Is the FAA Breaking the Law to Enforce It?

Aviation safety expert John Goglia takes the FAA to task for its, um, creative approach to enforcing non-existent laws and regulations. Discussing the many questionable cease and desist letters that have been issued to operators around the country, he notes:

The impact on many operators–especially those holding airmen certificates–has been to cause them to cease operations and lose whatever business they may have been engaged in. The problem is those FAA letters weren’t issued legally and were, in fact, issued contrary to the federal aviation regulations, which authorize only FAA attorneys to issue orders and require any such orders to state specifically how the order can be appealed….

This issue is not going to just go away. The FAA needs to be repeatedly challenged in court, wherever possible.

Mainstream Press Starting to Notice FAA’s Epic Fail

The Associated Press ran an article yesterday on the IG’s report, which we suppose means that the FAA’s epic fail on developing a regulatory framework for integrating UAS (drones) into the national airspace is poised to become a big story in the mainstream press:

Despite years of research, the Federal Aviation Administration hasn’t figured out what kind of technology unmanned aircraft should use to avoid crashing into other planes, or how to prevent lost links with ground control stations, Matthew Hampton, the Transportation Department’s assistant inspector general for aviation, said in a report.

The FAA also hasn’t set standards for certifying the safety of drone designs and manufacture like those that exist for manned aircraft, the report said. Nor has the agency developed standard procedures for air traffic controllers to guide drones, partly because the FAA’s air traffic control equipment wasn’t developed with unmanned aircraft in mind. There is no adequate program for training controllers how to manage drones. And criteria for training “pilots” who remotely control drones from the ground have yet to be developed.

The story includes this laughable excuse:

FAA officials, defending the agency’s record, said in a statement that the FAA “has made significant progress” toward giving drones wider access to U.S. skies “even as it dealt with disruptions” due to automatic, government-wide spending cuts and a three-week partial government shutdown.

That story might hold water if the partial government shutdown had lasted substantially longer than three weeks.
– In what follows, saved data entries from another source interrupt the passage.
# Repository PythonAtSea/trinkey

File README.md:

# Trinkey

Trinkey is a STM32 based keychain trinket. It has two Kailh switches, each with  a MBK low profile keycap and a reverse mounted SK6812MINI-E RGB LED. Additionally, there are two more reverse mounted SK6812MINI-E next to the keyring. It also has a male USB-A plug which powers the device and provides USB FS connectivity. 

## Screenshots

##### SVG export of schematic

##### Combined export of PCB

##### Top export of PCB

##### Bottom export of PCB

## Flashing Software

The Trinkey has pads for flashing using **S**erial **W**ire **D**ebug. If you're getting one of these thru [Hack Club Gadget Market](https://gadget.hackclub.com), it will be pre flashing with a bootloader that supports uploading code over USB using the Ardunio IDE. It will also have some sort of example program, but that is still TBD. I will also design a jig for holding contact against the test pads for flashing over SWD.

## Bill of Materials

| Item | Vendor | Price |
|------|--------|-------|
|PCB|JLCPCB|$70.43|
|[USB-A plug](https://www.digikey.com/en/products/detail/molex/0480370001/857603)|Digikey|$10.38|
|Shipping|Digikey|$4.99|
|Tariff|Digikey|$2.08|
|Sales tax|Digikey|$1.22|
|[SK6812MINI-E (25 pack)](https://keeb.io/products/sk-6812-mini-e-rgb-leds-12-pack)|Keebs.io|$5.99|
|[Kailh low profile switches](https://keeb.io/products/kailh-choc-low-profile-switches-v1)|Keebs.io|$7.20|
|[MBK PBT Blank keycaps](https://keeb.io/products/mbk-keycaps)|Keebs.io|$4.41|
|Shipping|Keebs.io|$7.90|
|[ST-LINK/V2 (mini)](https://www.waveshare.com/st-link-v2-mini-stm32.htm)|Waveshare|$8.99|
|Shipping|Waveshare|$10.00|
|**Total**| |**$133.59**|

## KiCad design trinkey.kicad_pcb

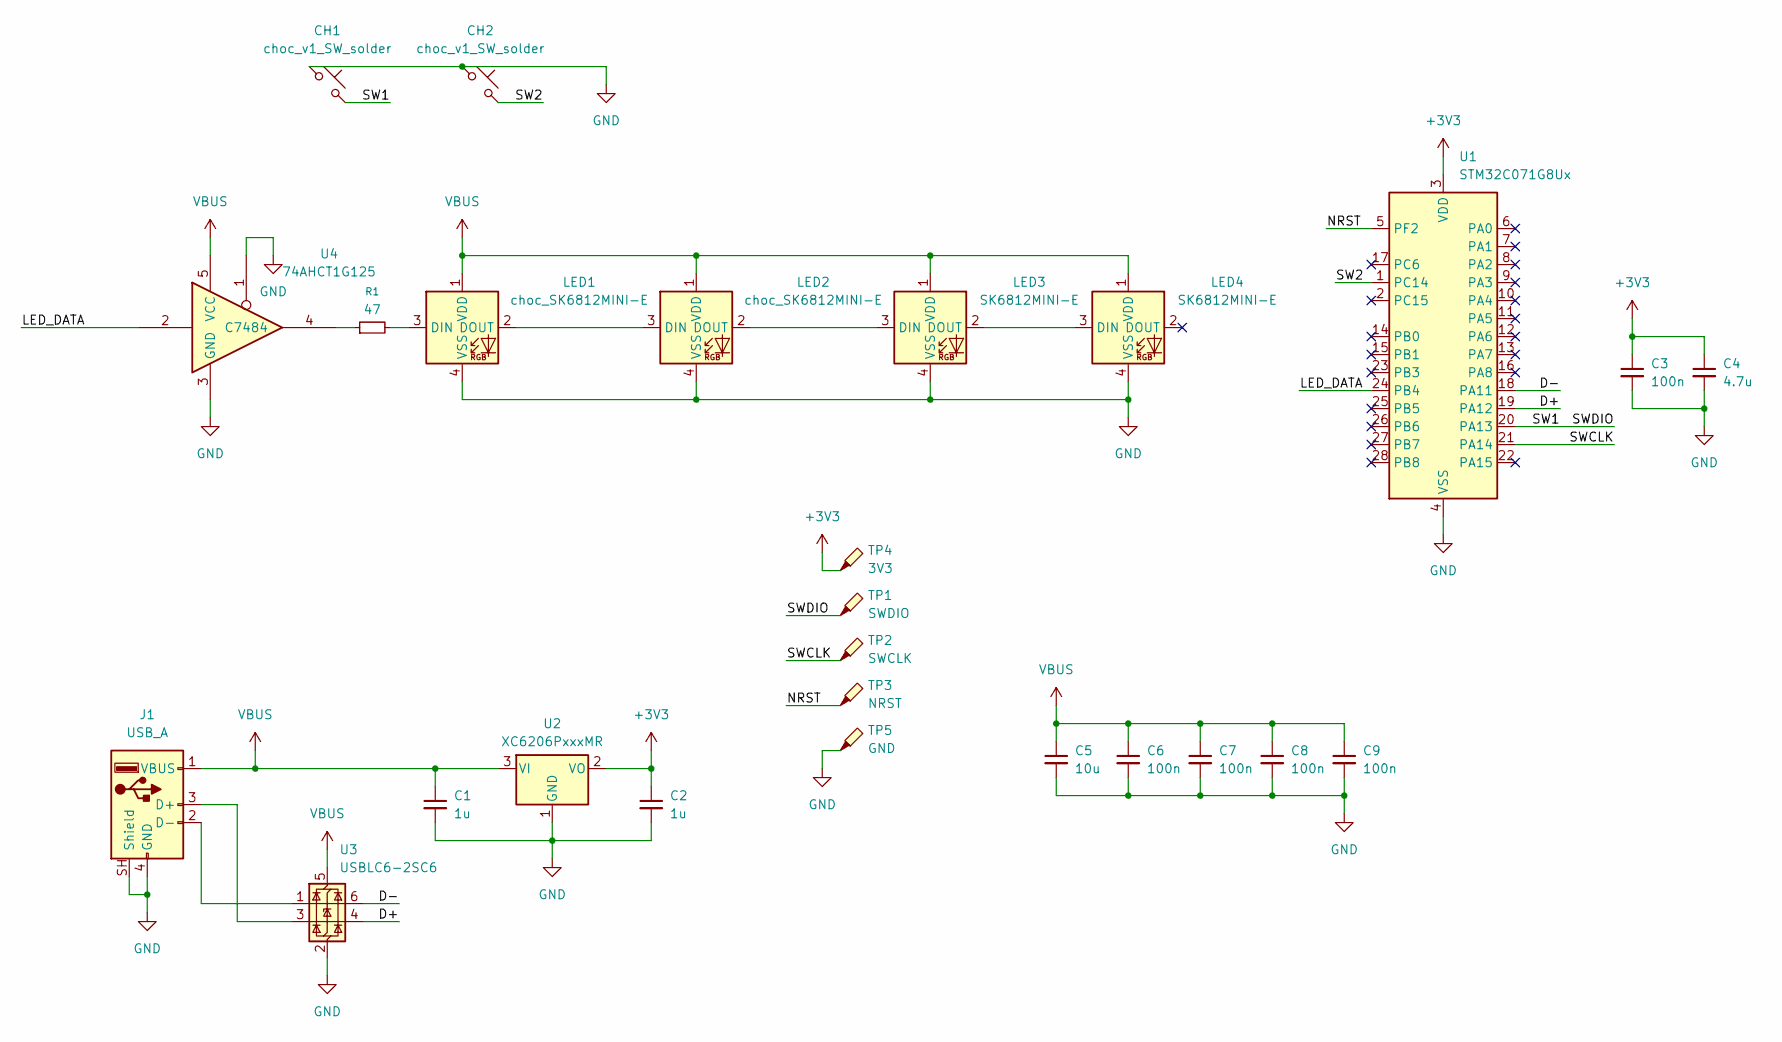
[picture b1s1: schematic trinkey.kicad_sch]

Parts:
C1, C2: 1u; C_0402_1005Metric; LCSC Part # C52923
C3, C6, C7, C8, C9: 100n; C_0402_1005Metric; LCSC Part # C1525
C4: 4.7u; C_0402_1005Metric; LCSC Part # C23733
C5: 10u; C_0402_1005Metric; LCSC Part # C15525
CH1, CH2: choc_v1_SW_solder; SW_choc_v1_1u
J1: USB_A; CONN_480370001_MOL
LED1, LED2: choc_SK6812MINI-E; LED_choc_6028R
LED3, LED4: SK6812MINI-E; LED_6028R
R1: 47; R_0402_1005Metric; LCSC Part # C25792
TP1: SWDIO; TestPoint_Pad_D1.0mm
TP2: SWCLK; TestPoint_Pad_D1.0mm
TP3: NRST; TestPoint_Pad_D1.0mm
TP4: 3V3; TestPoint_Pad_D1.0mm
TP5: GND; TestPoint_Pad_D1.0mm
U1: STM32C071G8Ux; QFN-28_4x4mm_P0.5mm; LCSC Part # C44521811
U2: XC6206PxxxMR; SOT-23-3; LCSC Part # C347376
U3: USBLC6-2SC6; SOT-23-6; LCSC Part # C2687116
U4: 74AHCT1G125; SOT-23-5; LCSC Part # C7484

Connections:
+3V3: C2.1, C3.1, C4.1, TP4.1 (1_1), U1.3 (VDD), U2.2 (VO)
/D+: U1.19 (PA12), U3.4 (I/O2)
/D-: U1.18 (PA11), U3.6 (I/O1)
/LED_DATA: U1.24 (PB4), U4.2
/NRST: TP3.1 (1_1), U1.5 (PF2)
/SW1: CH1.2, TP1.1 (1_1), U1.20 (PA13)
/SW2: CH2.2, U1.1 (PC14)
/SWCLK: TP2.1 (1_1), U1.21 (PA14)
GND: C1.2, C2.2, C3.2, C4.2, C5.2, C6.2, C7.2, C8.2, C9.2, CH1.1, CH2.1, J1.4 (GND), J1.SH (Shield), LED1.4 (VSS), LED2.4 (VSS), LED3.4 (VSS), LED4.4 (VSS), TP5.1 (1_1), U1.4 (VSS), U2.1 (GND), U3.2 (GND), U4.1, U4.3 (GND)
unnamed: J1.3 (D+), U3.3 (I/O2)
unnamed: J1.2 (D-), U3.1 (I/O1)
unnamed: LED1.3 (DIN), R1.2
unnamed: LED1.2 (DOUT), LED2.3 (DIN)
unnamed: LED2.2 (DOUT), LED3.3 (DIN)
unnamed: LED3.2 (DOUT), LED4.3 (DIN)
unnamed: R1.1, U4.4
VBUS: C1.1, C5.1, C6.1, C7.1, C8.1, C9.1, J1.1 (VBUS), LED1.1 (VDD), LED2.1 (VDD), LED3.1 (VDD), LED4.1 (VDD), U2.3 (VI), U3.5 (VBUS), U4.5 (VCC)

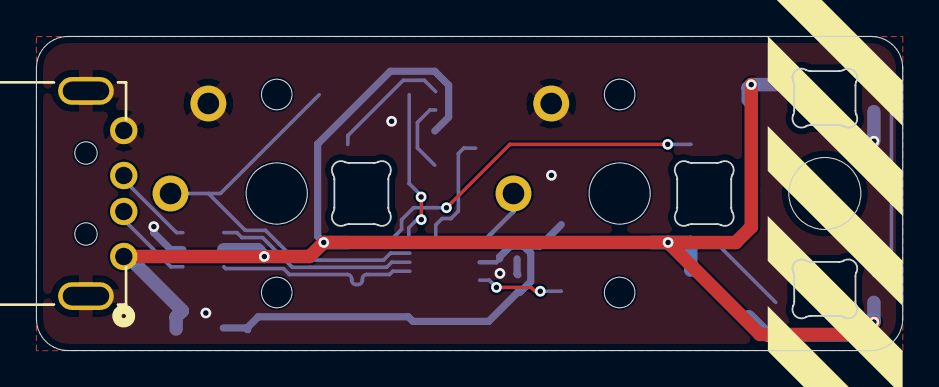
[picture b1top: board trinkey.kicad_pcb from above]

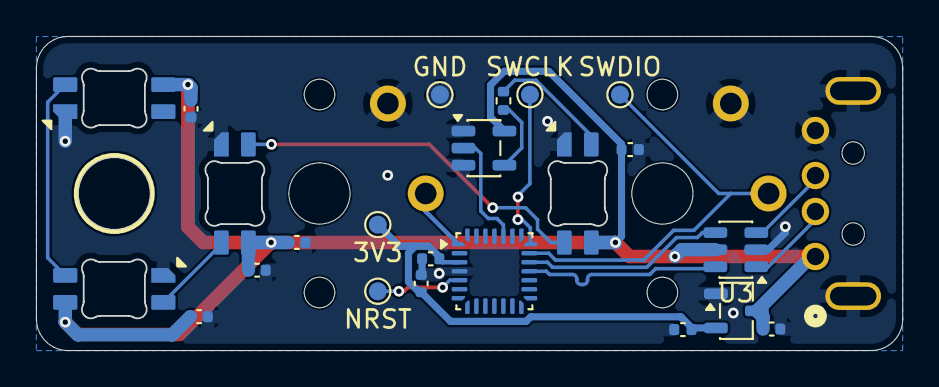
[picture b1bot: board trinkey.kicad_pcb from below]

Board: 2 copper layers, 48.1 x 17.5 mm, 26 parts (23 on the bottom side), 17 nets.

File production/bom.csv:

Designator,Footprint,Quantity,Value,LCSC Part #
"C1, C2",0402,2,1u,
"C3, C6, C7, C8, C9",0402,5,100n,
C4,0402,1,4.7u,
C5,0402,1,10u,
"CH1, CH2",SW_choc_v1_1u,2,choc_v1_SW_solder,
J1,CONN_480370001_MOL,1,USB_A,
"LED1, LED2",LED_choc_6028R,2,choc_SK6812MINI-E,
"LED3, LED4",LED_6028R,2,SK6812MINI-E,
R1,0402,1,47,
TP1,TestPoint_Pad_D1.0mm,1,SWDIO,
TP2,TestPoint_Pad_D1.0mm,1,SWCLK,
TP3,TestPoint_Pad_D1.0mm,1,NRST,
TP4,TestPoint_Pad_D1.0mm,1,3V3,
TP5,TestPoint_Pad_D1.0mm,1,GND,
U1,QFN-28_4x4mm_P0.5mm,1,STM32C071G8Ux,C44521811
U2,SOT-23-3,1,XC6206PxxxMR,C347376
U3,SOT-23-6,1,USBLC6-2SC6,C2687116
U4,SOT-23-5,1,74AHCT1G125,C7484

Of course, no agency was given more leeway by Congress during the shutdown, and the notion that the sequester had any material impact on the FAA’s ability to develop UAS regulations over a period of years seems like plain nonsense.

Regardless of budget constraints, the FAA has wasted significant resources prosecuting small operators like Raphael Pirker while harassing countless others. It has also found the time and resources to go around lying to the public that it has effectively banned “all” commercial drone activity. These lawless actions amount to nothing more than an effort at distracting the public and the media from the FAA’s failure to do what Congress has mandated.

As we noted yesterday, President Obama needs to start firing people.